(Entries taken from a collection)
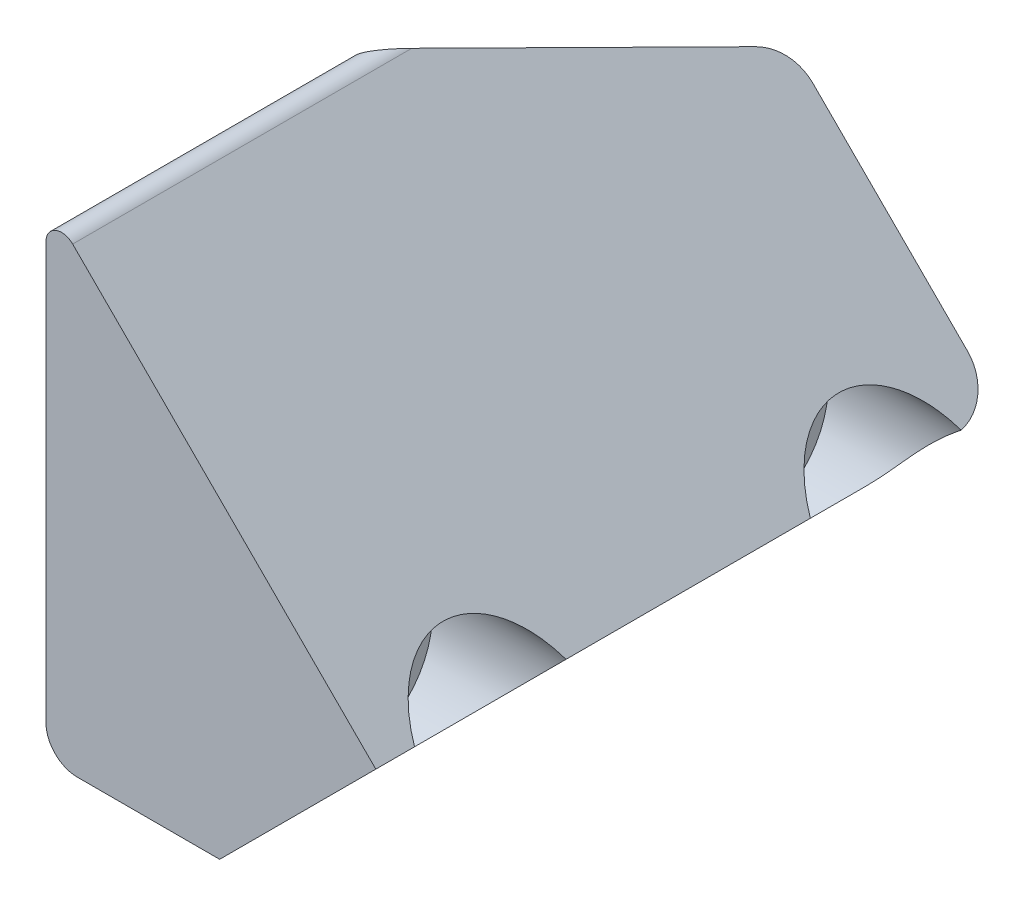
ISO-10303-21;
HEADER;
FILE_DESCRIPTION(('STEP AP214'),'2;1');
FILE_NAME('part.step','',(''),(''),'','','');
FILE_SCHEMA(('AUTOMOTIVE_DESIGN { 1 0 10303 214 1 1 1 1 }'));
ENDSEC;
DATA;
#1=APPLICATION_CONTEXT('core data for automotive mechanical design processes');
#2=APPLICATION_PROTOCOL_DEFINITION('international standard','automotive_design',2000,#1);
#3=PRODUCT_CONTEXT('',#1,'mechanical');
#4=PRODUCT('Part','Part','',(#3));
#5=PRODUCT_RELATED_PRODUCT_CATEGORY('part','',(#4));
#6=PRODUCT_DEFINITION_FORMATION('','',#4);
#7=PRODUCT_DEFINITION_CONTEXT('part definition',#1,'design');
#8=PRODUCT_DEFINITION('design','',#6,#7);
#9=PRODUCT_DEFINITION_SHAPE('','',#8);
#10=(LENGTH_UNIT() NAMED_UNIT(*) SI_UNIT(.MILLI.,.METRE.));
#11=(NAMED_UNIT(*) PLANE_ANGLE_UNIT() SI_UNIT($,.RADIAN.));
#12=(NAMED_UNIT(*) SI_UNIT($,.STERADIAN.) SOLID_ANGLE_UNIT());
#13=UNCERTAINTY_MEASURE_WITH_UNIT(LENGTH_MEASURE(1.E-05),#10,'distance_accuracy_value','');
#14=(GEOMETRIC_REPRESENTATION_CONTEXT(3) GLOBAL_UNCERTAINTY_ASSIGNED_CONTEXT((#13)) GLOBAL_UNIT_ASSIGNED_CONTEXT((#10,
#11,#12)) REPRESENTATION_CONTEXT('',''));
#15=CARTESIAN_POINT('',(0.,0.,0.));
#16=DIRECTION('',(0.,0.,1.));
#17=DIRECTION('',(1.,0.,0.));
#18=AXIS2_PLACEMENT_3D('',#15,#16,#17);
#19=CARTESIAN_POINT('',(15.556349186104,0.,20.));
#20=DIRECTION('',(0.,1.,0.));
#21=DIRECTION('',(-1.,0.,0.));
#22=AXIS2_PLACEMENT_3D('',#19,#20,#21);
#23=PLANE('',#22);
#24=DIRECTION('',(1.,0.,0.));
#25=VECTOR('',#24,1.);
#26=CARTESIAN_POINT('',(15.556349186104,0.,0.));
#27=LINE('',#26,#25);
#28=CARTESIAN_POINT('',(0.999999999999999,0.,0.));
#29=VERTEX_POINT('',#28);
#30=CARTESIAN_POINT('',(3.43736979311548,0.,0.));
#31=VERTEX_POINT('',#30);
#32=EDGE_CURVE('E274',#29,#31,#27,.T.);
#33=ORIENTED_EDGE('',*,*,#32,.T.);
#34=CARTESIAN_POINT('',(3.43736979311548,0.,1.5));
#35=DIRECTION('',(0.,1.,0.));
#36=DIRECTION('',(-1.,0.,0.));
#37=AXIS2_PLACEMENT_3D('',#34,#35,#36);
#38=ELLIPSE('',#37,2.12132034355964,1.5);
#39=CARTESIAN_POINT('',(5.55869013667512,0.,1.5));
#40=VERTEX_POINT('',#39);
#41=EDGE_CURVE('E229',#31,#40,#38,.F.);
#42=ORIENTED_EDGE('',*,*,#41,.T.);
#43=DIRECTION('',(0.,0.,1.));
#44=VECTOR('',#43,1.);
#45=CARTESIAN_POINT('',(5.55869013667512,0.,20.));
#46=LINE('',#45,#44);
#47=CARTESIAN_POINT('',(5.55869013667512,0.,20.));
#48=VERTEX_POINT('',#47);
#49=EDGE_CURVE('E217',#40,#48,#46,.T.);
#50=ORIENTED_EDGE('',*,*,#49,.T.);
#51=DIRECTION('',(1.,0.,0.));
#52=VECTOR('',#51,1.);
#53=CARTESIAN_POINT('',(15.556349186104,0.,20.));
#54=LINE('',#53,#52);
#55=CARTESIAN_POINT('',(0.999999999999999,0.,20.));
#56=VERTEX_POINT('',#55);
#57=EDGE_CURVE('E261',#56,#48,#54,.T.);
#58=ORIENTED_EDGE('',*,*,#57,.F.);
#59=DIRECTION('',(0.,0.,-1.));
#60=VECTOR('',#59,1.);
#61=CARTESIAN_POINT('',(0.999999999999999,0.,20.));
#62=LINE('',#61,#60);
#63=EDGE_CURVE('E249',#56,#29,#62,.T.);
#64=ORIENTED_EDGE('',*,*,#63,.T.);
#65=EDGE_LOOP('',(#33,#42,#50,#58,#64));
#66=FACE_BOUND('',#65,.T.);
#67=ADVANCED_FACE('F35',(#66),#23,.F.);
#68=CARTESIAN_POINT('',(0.,15.556349186104,20.));
#69=DIRECTION('',(-0.707106781186548,-0.707106781186548,0.));
#70=DIRECTION('',(0.707106781186548,-0.707106781186548,0.));
#71=AXIS2_PLACEMENT_3D('',#68,#69,#70);
#72=PLANE('',#71);
#73=CARTESIAN_POINT('',(11.7447559635958,3.81159322250824,3.66495523115073));
#74=DIRECTION('',(-0.707106781186548,-0.707106781186548,0.));
#75=DIRECTION('',(-0.707106781186548,0.707106781186548,0.));
#76=AXIS2_PLACEMENT_3D('',#73,#74,#75);
#77=ELLIPSE('',#76,3.81837661840736,2.7);
#78=CARTESIAN_POINT('',(10.5575196613896,4.99882952471446,6.08992326449132));
#79=VERTEX_POINT('',#78);
#80=CARTESIAN_POINT('',(10.5423791763795,5.01397000972457,1.24745857933023));
#81=VERTEX_POINT('',#80);
#82=EDGE_CURVE('E234',#79,#81,#77,.T.);
#83=ORIENTED_EDGE('',*,*,#82,.T.);
#84=CARTESIAN_POINT('',(9.49685948960976,6.05948969649428,1.5));
#85=DIRECTION('',(-0.707106781186548,-0.707106781186548,0.));
#86=DIRECTION('',(0.707106781186548,-0.707106781186548,0.));
#87=AXIS2_PLACEMENT_3D('',#84,#85,#86);
#88=CIRCLE('',#87,1.5);
#89=CARTESIAN_POINT('',(9.49685948960976,6.05948969649428,0.));
#90=VERTEX_POINT('',#89);
#91=EDGE_CURVE('E231',#81,#90,#88,.F.);
#92=ORIENTED_EDGE('',*,*,#91,.T.);
#93=DIRECTION('',(-0.707106781186548,0.707106781186548,0.));
#94=VECTOR('',#93,1.);
#95=CARTESIAN_POINT('',(0.,15.556349186104,0.));
#96=LINE('',#95,#94);
#97=CARTESIAN_POINT('',(4.54453161344022,11.0118175726638,0.));
#98=VERTEX_POINT('',#97);
#99=EDGE_CURVE('E267',#90,#98,#96,.T.);
#100=ORIENTED_EDGE('',*,*,#99,.T.);
#101=CARTESIAN_POINT('',(4.54453161344022,11.0118175726638,1.5));
#102=DIRECTION('',(-0.707106781186548,-0.707106781186548,0.));
#103=DIRECTION('',(0.707106781186548,-0.707106781186548,0.));
#104=AXIS2_PLACEMENT_3D('',#101,#102,#103);
#105=CIRCLE('',#104,1.5);
#106=CARTESIAN_POINT('',(3.58324704035653,11.9731021457475,0.866072607388959));
#107=VERTEX_POINT('',#106);
#108=EDGE_CURVE('E133',#98,#107,#105,.F.);
#109=ORIENTED_EDGE('',*,*,#108,.T.);
#110=DIRECTION('',(0.298836238730115,-0.298836238730115,-0.906307787036653));
#111=VECTOR('',#110,1.);
#112=CARTESIAN_POINT('',(0.135218727052809,15.4211304590512,11.3232210561494));
#113=LINE('',#112,#111);
#114=CARTESIAN_POINT('',(0.853553390593277,14.7027957955108,9.14466231765233));
#115=VERTEX_POINT('',#114);
#116=EDGE_CURVE('E117',#115,#107,#113,.T.);
#117=ORIENTED_EDGE('',*,*,#116,.F.);
#118=DIRECTION('',(0.,0.,-1.));
#119=VECTOR('',#118,1.);
#120=CARTESIAN_POINT('',(0.853553390593275,14.7027957955108,20.));
#121=LINE('',#120,#119);
#122=CARTESIAN_POINT('',(0.853553390593275,14.7027957955108,20.));
#123=VERTEX_POINT('',#122);
#124=EDGE_CURVE('E130',#115,#123,#121,.F.);
#125=ORIENTED_EDGE('',*,*,#124,.T.);
#126=DIRECTION('',(-0.707106781186548,0.707106781186548,0.));
#127=VECTOR('',#126,1.);
#128=CARTESIAN_POINT('',(0.,15.556349186104,20.));
#129=LINE('',#128,#127);
#130=CARTESIAN_POINT('',(10.5575196613896,4.99882952471446,20.));
#131=VERTEX_POINT('',#130);
#132=EDGE_CURVE('E264',#131,#123,#129,.T.);
#133=ORIENTED_EDGE('',*,*,#132,.F.);
#134=DIRECTION('',(0.,0.,1.));
#135=VECTOR('',#134,1.);
#136=CARTESIAN_POINT('',(10.5575196613896,4.99882952471446,20.));
#137=LINE('',#136,#135);
#138=CARTESIAN_POINT('',(10.5575196613896,4.99882952471446,18.7600128021899));
#139=VERTEX_POINT('',#138);
#140=EDGE_CURVE('E292',#139,#131,#137,.T.);
#141=ORIENTED_EDGE('',*,*,#140,.F.);
#142=CARTESIAN_POINT('',(11.7447559635958,3.81159322250824,16.3350447688493));
#143=DIRECTION('',(-0.707106781186548,-0.707106781186548,0.));
#144=DIRECTION('',(-0.707106781186548,0.707106781186548,0.));
#145=AXIS2_PLACEMENT_3D('',#142,#143,#144);
#146=ELLIPSE('',#145,3.81837661840736,2.7);
#147=CARTESIAN_POINT('',(10.5575196613896,4.99882952471446,13.9100767355087));
#148=VERTEX_POINT('',#147);
#149=EDGE_CURVE('E278',#139,#148,#146,.T.);
#150=ORIENTED_EDGE('',*,*,#149,.T.);
#151=EDGE_CURVE('E238',#79,#148,#137,.T.);
#152=ORIENTED_EDGE('',*,*,#151,.F.);
#153=EDGE_LOOP('',(#83,#92,#100,#109,#117,#125,#133,#141,#150,#152));
#154=FACE_BOUND('',#153,.T.);
#155=ADVANCED_FACE('F128',(#154),#72,.F.);
#156=CARTESIAN_POINT('',(0.,0.,20.));
#157=DIRECTION('',(1.,0.,0.));
#158=DIRECTION('',(0.,0.,-1.));
#159=AXIS2_PLACEMENT_3D('',#156,#157,#158);
#160=PLANE('',#159);
#161=CARTESIAN_POINT('',(0.,3.81159322250824,3.66495523115073));
#162=DIRECTION('',(-1.,0.,0.));
#163=DIRECTION('',(0.,0.,1.));
#164=AXIS2_PLACEMENT_3D('',#161,#162,#163);
#165=CIRCLE('',#164,1.6);
#166=CARTESIAN_POINT('',(0.,3.81159322250824,5.26495523115073));
#167=VERTEX_POINT('',#166);
#168=EDGE_CURVE('E279',#167,#167,#165,.T.);
#169=ORIENTED_EDGE('',*,*,#168,.F.);
#170=EDGE_LOOP('',(#169));
#171=FACE_BOUND('',#170,.T.);
#172=CARTESIAN_POINT('',(0.,3.81159322250824,16.3350447688493));
#173=DIRECTION('',(-1.,0.,0.));
#174=DIRECTION('',(0.,0.,1.));
#175=AXIS2_PLACEMENT_3D('',#172,#173,#174);
#176=CIRCLE('',#175,1.6);
#177=CARTESIAN_POINT('',(0.,3.81159322250824,17.9350447688493));
#178=VERTEX_POINT('',#177);
#179=EDGE_CURVE('E270',#178,#178,#176,.T.);
#180=ORIENTED_EDGE('',*,*,#179,.F.);
#181=EDGE_LOOP('',(#180));
#182=FACE_BOUND('',#181,.T.);
#183=DIRECTION('',(0.,-0.550527347484624,-0.834817129478992));
#184=VECTOR('',#183,1.);
#185=CARTESIAN_POINT('',(0.,14.6408099803797,10.3449917366272));
#186=LINE('',#185,#184);
#187=CARTESIAN_POINT('',(0.,14.3492424049175,9.90286001054923));
#188=VERTEX_POINT('',#187);
#189=CARTESIAN_POINT('',(0.,8.38985510539099,0.866072607388959));
#190=VERTEX_POINT('',#189);
#191=EDGE_CURVE('E118',#188,#190,#186,.T.);
#192=ORIENTED_EDGE('',*,*,#191,.T.);
#193=CARTESIAN_POINT('',(0.,6.46728595922361,1.5));
#194=DIRECTION('',(1.,0.,0.));
#195=DIRECTION('',(0.,-1.,0.));
#196=AXIS2_PLACEMENT_3D('',#193,#194,#195);
#197=ELLIPSE('',#196,2.12132034355964,1.5);
#198=CARTESIAN_POINT('',(0.,6.46728595922361,0.));
#199=VERTEX_POINT('',#198);
#200=EDGE_CURVE('E11',#190,#199,#197,.F.);
#201=ORIENTED_EDGE('',*,*,#200,.T.);
#202=DIRECTION('',(0.,-1.,0.));
#203=VECTOR('',#202,1.);
#204=CARTESIAN_POINT('',(0.,0.,0.));
#205=LINE('',#204,#203);
#206=CARTESIAN_POINT('',(0.,1.,0.));
#207=VERTEX_POINT('',#206);
#208=EDGE_CURVE('E259',#199,#207,#205,.T.);
#209=ORIENTED_EDGE('',*,*,#208,.T.);
#210=DIRECTION('',(0.,0.,-1.));
#211=VECTOR('',#210,1.);
#212=CARTESIAN_POINT('',(0.,1.,20.));
#213=LINE('',#212,#211);
#214=CARTESIAN_POINT('',(0.,1.,20.));
#215=VERTEX_POINT('',#214);
#216=EDGE_CURVE('E142',#207,#215,#213,.F.);
#217=ORIENTED_EDGE('',*,*,#216,.T.);
#218=DIRECTION('',(0.,-1.,0.));
#219=VECTOR('',#218,1.);
#220=CARTESIAN_POINT('',(0.,0.,20.));
#221=LINE('',#220,#219);
#222=CARTESIAN_POINT('',(0.,14.3492424049175,20.));
#223=VERTEX_POINT('',#222);
#224=EDGE_CURVE('E253',#223,#215,#221,.T.);
#225=ORIENTED_EDGE('',*,*,#224,.F.);
#226=DIRECTION('',(0.,0.,-1.));
#227=VECTOR('',#226,1.);
#228=CARTESIAN_POINT('',(0.,14.3492424049175,20.));
#229=LINE('',#228,#227);
#230=EDGE_CURVE('E140',#223,#188,#229,.T.);
#231=ORIENTED_EDGE('',*,*,#230,.T.);
#232=EDGE_LOOP('',(#192,#201,#209,#217,#225,#231));
#233=FACE_BOUND('',#232,.T.);
#234=ADVANCED_FACE('F189',(#171,#182,#233),#160,.F.);
#235=CARTESIAN_POINT('',(0.,0.,20.));
#236=DIRECTION('',(0.,0.,-1.));
#237=DIRECTION('',(-1.,0.,0.));
#238=AXIS2_PLACEMENT_3D('',#235,#236,#237);
#239=PLANE('',#238);
#240=ORIENTED_EDGE('',*,*,#57,.T.);
#241=DIRECTION('',(0.707106781186548,0.707106781186547,0.));
#242=VECTOR('',#241,1.);
#243=CARTESIAN_POINT('',(3.48645184952411,-2.07223828715101,20.));
#244=LINE('',#243,#242);
#245=EDGE_CURVE('E220',#48,#131,#244,.T.);
#246=ORIENTED_EDGE('',*,*,#245,.T.);
#247=ORIENTED_EDGE('',*,*,#132,.T.);
#248=CARTESIAN_POINT('',(0.5,14.3492424049175,20.));
#249=DIRECTION('',(0.,0.,-1.));
#250=DIRECTION('',(-1.,0.,0.));
#251=AXIS2_PLACEMENT_3D('',#248,#249,#250);
#252=CIRCLE('',#251,0.5);
#253=EDGE_CURVE('E137',#123,#223,#252,.F.);
#254=ORIENTED_EDGE('',*,*,#253,.T.);
#255=ORIENTED_EDGE('',*,*,#224,.T.);
#256=CARTESIAN_POINT('',(0.999999999999999,1.,20.));
#257=DIRECTION('',(0.,0.,-1.));
#258=DIRECTION('',(-1.,0.,0.));
#259=AXIS2_PLACEMENT_3D('',#256,#257,#258);
#260=CIRCLE('',#259,1.);
#261=EDGE_CURVE('E138',#215,#56,#260,.F.);
#262=ORIENTED_EDGE('',*,*,#261,.T.);
#263=EDGE_LOOP('',(#240,#246,#247,#254,#255,#262));
#264=FACE_BOUND('',#263,.T.);
#265=ADVANCED_FACE('F186',(#264),#239,.F.);
#266=CARTESIAN_POINT('',(0.,0.,0.));
#267=DIRECTION('',(0.,0.,-1.));
#268=DIRECTION('',(-1.,0.,0.));
#269=AXIS2_PLACEMENT_3D('',#266,#267,#268);
#270=PLANE('',#269);
#271=ORIENTED_EDGE('',*,*,#99,.F.);
#272=DIRECTION('',(0.707106781186548,0.707106781186547,0.));
#273=VECTOR('',#272,1.);
#274=CARTESIAN_POINT('',(4.4980299648953,1.06066017177982,0.));
#275=LINE('',#274,#273);
#276=EDGE_CURVE('E298',#90,#31,#275,.F.);
#277=ORIENTED_EDGE('',*,*,#276,.T.);
#278=ORIENTED_EDGE('',*,*,#32,.F.);
#279=CARTESIAN_POINT('',(0.999999999999999,1.,0.));
#280=DIRECTION('',(0.,0.,-1.));
#281=DIRECTION('',(-1.,0.,0.));
#282=AXIS2_PLACEMENT_3D('',#279,#280,#281);
#283=CIRCLE('',#282,1.);
#284=EDGE_CURVE('E252',#29,#207,#283,.T.);
#285=ORIENTED_EDGE('',*,*,#284,.T.);
#286=ORIENTED_EDGE('',*,*,#208,.F.);
#287=DIRECTION('',(0.707106781186548,0.707106781186547,0.));
#288=VECTOR('',#287,1.);
#289=CARTESIAN_POINT('',(4.54453161344022,11.0118175726638,0.));
#290=LINE('',#289,#288);
#291=EDGE_CURVE('E297',#199,#98,#290,.T.);
#292=ORIENTED_EDGE('',*,*,#291,.T.);
#293=EDGE_LOOP('',(#271,#277,#278,#285,#286,#292));
#294=FACE_BOUND('',#293,.T.);
#295=ADVANCED_FACE('F184',(#294),#270,.T.);
#296=CARTESIAN_POINT('',(15.556349186104,3.81159322250824,16.3350447688493));
#297=DIRECTION('',(-1.,0.,0.));
#298=DIRECTION('',(0.,0.,1.));
#299=AXIS2_PLACEMENT_3D('',#296,#297,#298);
#300=CYLINDRICAL_SURFACE('',#299,1.6);
#301=CARTESIAN_POINT('',(6.,3.81159322250824,16.3350447688493));
#302=DIRECTION('',(-1.,0.,0.));
#303=DIRECTION('',(0.,0.,1.));
#304=AXIS2_PLACEMENT_3D('',#301,#302,#303);
#305=CIRCLE('',#304,1.6);
#306=CARTESIAN_POINT('',(6.,3.81159322250824,17.9350447688493));
#307=VERTEX_POINT('',#306);
#308=EDGE_CURVE('E243',#307,#307,#305,.F.);
#309=ORIENTED_EDGE('',*,*,#308,.T.);
#310=EDGE_LOOP('',(#309));
#311=FACE_BOUND('',#310,.T.);
#312=ORIENTED_EDGE('',*,*,#179,.T.);
#313=EDGE_LOOP('',(#312));
#314=FACE_BOUND('',#313,.T.);
#315=ADVANCED_FACE('F180',(#311,#314),#300,.F.);
#316=CARTESIAN_POINT('',(15.556349186104,3.81159322250824,3.66495523115073));
#317=DIRECTION('',(-1.,0.,0.));
#318=DIRECTION('',(0.,0.,1.));
#319=AXIS2_PLACEMENT_3D('',#316,#317,#318);
#320=CYLINDRICAL_SURFACE('',#319,1.6);
#321=CARTESIAN_POINT('',(6.,3.81159322250824,3.66495523115073));
#322=DIRECTION('',(-1.,0.,0.));
#323=DIRECTION('',(0.,0.,1.));
#324=AXIS2_PLACEMENT_3D('',#321,#322,#323);
#325=CIRCLE('',#324,1.6);
#326=CARTESIAN_POINT('',(6.,3.81159322250824,5.26495523115073));
#327=VERTEX_POINT('',#326);
#328=EDGE_CURVE('E240',#327,#327,#325,.F.);
#329=ORIENTED_EDGE('',*,*,#328,.T.);
#330=EDGE_LOOP('',(#329));
#331=FACE_BOUND('',#330,.T.);
#332=ORIENTED_EDGE('',*,*,#168,.T.);
#333=EDGE_LOOP('',(#332));
#334=FACE_BOUND('',#333,.T.);
#335=ADVANCED_FACE('F176',(#331,#334),#320,.F.);
#336=CARTESIAN_POINT('',(15.556349186104,3.81159322250824,16.3350447688493));
#337=DIRECTION('',(-1.,0.,0.));
#338=DIRECTION('',(0.,0.,1.));
#339=AXIS2_PLACEMENT_3D('',#336,#337,#338);
#340=CYLINDRICAL_SURFACE('',#339,2.7);
#341=CARTESIAN_POINT('',(6.,3.81159322250824,16.3350447688493));
#342=DIRECTION('',(-1.,0.,0.));
#343=DIRECTION('',(0.,0.,1.));
#344=AXIS2_PLACEMENT_3D('',#341,#342,#343);
#345=CIRCLE('',#344,2.7);
#346=CARTESIAN_POINT('',(6.,3.81159322250824,19.0350447688493));
#347=VERTEX_POINT('',#346);
#348=EDGE_CURVE('E239',#347,#347,#345,.T.);
#349=ORIENTED_EDGE('',*,*,#348,.T.);
#350=EDGE_LOOP('',(#349));
#351=FACE_BOUND('',#350,.T.);
#352=ORIENTED_EDGE('',*,*,#149,.F.);
#353=CARTESIAN_POINT('',(9.37028335918336,3.81159322250824,16.3350447688493));
#354=DIRECTION('',(-0.707106781186547,0.707106781186548,0.));
#355=DIRECTION('',(-0.707106781186548,-0.707106781186547,0.));
#356=AXIS2_PLACEMENT_3D('',#353,#354,#355);
#357=ELLIPSE('',#356,3.81837661840736,2.7);
#358=EDGE_CURVE('E224',#139,#148,#357,.F.);
#359=ORIENTED_EDGE('',*,*,#358,.T.);
#360=EDGE_LOOP('',(#352,#359));
#361=FACE_BOUND('',#360,.T.);
#362=ADVANCED_FACE('F172',(#351,#361),#340,.F.);
#363=CARTESIAN_POINT('',(6.,3.81159322250824,16.3350447688493));
#364=DIRECTION('',(-1.,0.,0.));
#365=DIRECTION('',(0.,0.,1.));
#366=AXIS2_PLACEMENT_3D('',#363,#364,#365);
#367=PLANE('',#366);
#368=ORIENTED_EDGE('',*,*,#348,.F.);
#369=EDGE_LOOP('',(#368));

* **Task to complete**: Starting with the line above that holds "#151=EDGE_CURVE('E238',#79,#148,#137,.T.);" and stopping with the line that holds "#162=DIRECTION('',(-1.,0.,0.));", reproduce each line exactly, omitting all other lines.

* **Solution to the problem**:
#151=EDGE_CURVE('E238',#79,#148,#137,.T.);
#152=ORIENTED_EDGE('',*,*,#151,.F.);
#153=EDGE_LOOP('',(#83,#92,#100,#109,#117,#125,#133,#141,#150,#152));
#154=FACE_BOUND('',#153,.T.);
#155=ADVANCED_FACE('F128',(#154),#72,.F.);
#156=CARTESIAN_POINT('',(0.,0.,20.));
#157=DIRECTION('',(1.,0.,0.));
#158=DIRECTION('',(0.,0.,-1.));
#159=AXIS2_PLACEMENT_3D('',#156,#157,#158);
#160=PLANE('',#159);
#161=CARTESIAN_POINT('',(0.,3.81159322250824,3.66495523115073));
#162=DIRECTION('',(-1.,0.,0.));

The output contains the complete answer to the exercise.